For the transducer I cut a piece of foam (*Kid's Swimming "Noodle") ran the cord thru it (*very simular to a Vex set up), wrapped it with duck tape, but not around the cord so you can slide cord thru to adjust for ice thickness. 

Don't buy the 6 volt "lantern" battery's! Big waste of money, the cold zaps them quickly. To remedy the issue I've gotten one of the gell one's used for the Vexlars, came with a charger for $19.00 at GMnt. The only problem is its (battery) is a little to wide for the "green box", disconnected the power wires from the plate in the box and added a length of cable with slide on connectors. The whole set up; Lo-K-Tor, Battery, Transducer fits into one of those oversized plastic ($10.00-$12.00) shell boxs, I got that at Wal-mart. Now, I think I've seen the rechargable "lantern" battery's, might be worth lookin into?

For the budget minded fisherman, or for the weekend warrior that only gets out occasionaly they're great! You can also rig them to work during the summer!


----------



## jbird68 (Dec 8, 2005)

Hey,
I have an LFP-150 with a skimmer type transducer. but I am looking for a cylinder type to use for ice fishing. If you know where I can get one for cheap let me know. IT has to be 192 KHZ also...not 200 KHZ like the new machines are today.

Thanks,

Jay


----------



## Cherokee (May 24, 2004)

Steve:

I'm sure that using that green box will make you really apprecaiate a Vex for Xmas...

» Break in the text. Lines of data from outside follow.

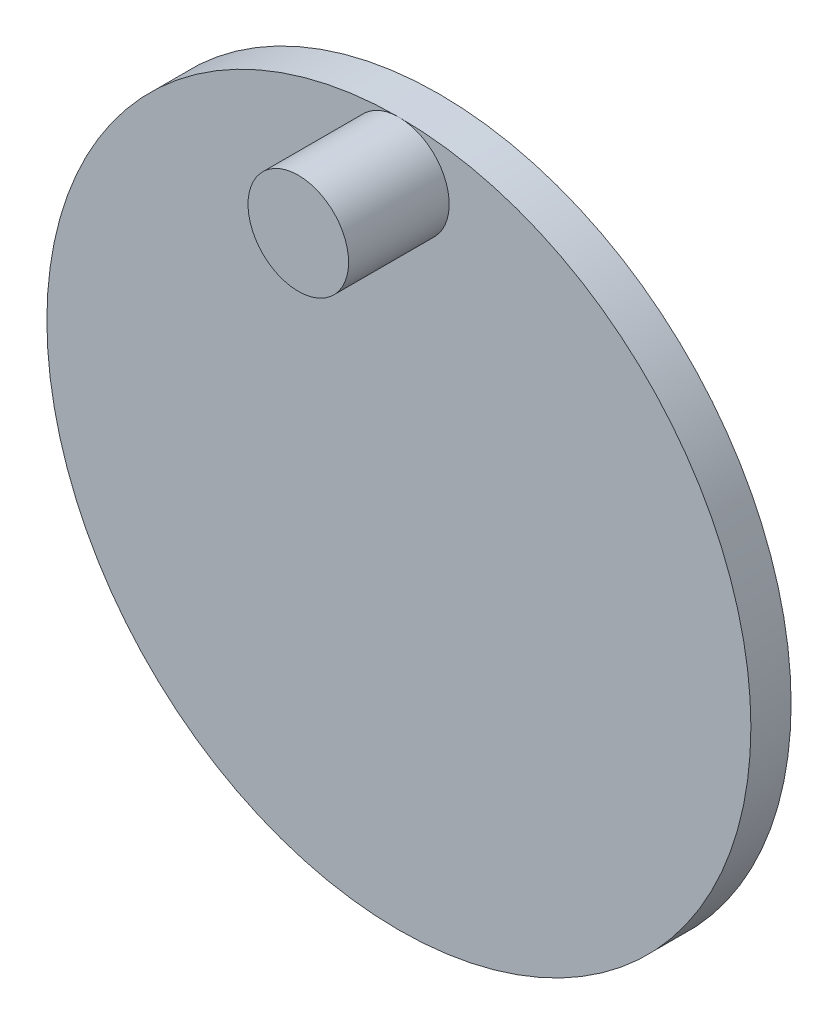
from build123d import *

# Parameters (mm, degrees)
SKETCH1_R           = 17.5
BOSS_EXTRUDE1_DEPTH = 2
SKETCH2_R           = 3.7
BOSS_EXTRUDE3_DEPTH = 8
SKETCH4_R           = 2.5
BOSS_EXTRUDE4_DEPTH = 5


with BuildPart() as part:
    # Sketch1 → Boss-Extrude1 (new body)
    with BuildSketch(Plane.XY):
        Circle(SKETCH1_R)
    extrude(amount=BOSS_EXTRUDE1_DEPTH)

    # Sketch2 → Boss-Extrude3 (add)
    with BuildSketch(Plane(origin=(0, 0, 0), x_dir=(-1, 0, 0), z_dir=(0, 0, -1))):
        Circle(SKETCH2_R)
        with BuildLine():
            Line((-1.85, 1.966596044), (1.85, 1.966596044))
            ThreePointArc((1.85, 1.966596044), (2.7, 0), (1.85, -1.966596044))
            Line((1.85, -1.966596044), (-1.85, -1.966596044))
            ThreePointArc((-1.85, -1.966596044), (-2.7, 0), (-1.85, 1.966596044))
        make_face(mode=Mode.SUBTRACT)
    extrude(amount=BOSS_EXTRUDE3_DEPTH)

    # Sketch4 → Boss-Extrude4 (add)
    with BuildSketch(Plane.XY.offset(2)):
        with Locations((0, 15)):
            Circle(SKETCH4_R)
    extrude(amount=BOSS_EXTRUDE4_DEPTH)


solid = part.part

What was yesterday, December 7th?

*Put Marcum LX3 on your Santa's list... *


----------



## martin1950 (Nov 2, 2004)

Jay, like I said in my above post, used my 150 for 2 years. Now I've upgraded to a Green Box only because it fits in a 5 gallon bucket. That skimmer should work just fine. I removed the transom bracket and dropped into the hole completely below the ice and it hung straight. Ta heck with the Vex, my next toy is going to be a H2O camera.


Martin


----------



## jbird68 (Dec 8, 2005)

I didn't think of just taking the bracket off. I didn't think it would sit in the hole right. I'll have to take mine off and see for myself that it hangs straight.

Thanks,

Jay


----------



## LilyDuck (Dec 29, 2004)

Kush...

I want a green box flasher for Christmas...hint hint:lol: :lol: :lol: 

You guys gettin all those fancy dancy vexalir. Only if I had the money!


----------



## jbird68 (Dec 8, 2005)

I am also toying around with modifying my unit to run off of a 12V rechargeable battery. I've heard of people using a motorcycle battery. But what about one of those 12V batteries that are used in the Little Tikes or Power Wheels vehicles? 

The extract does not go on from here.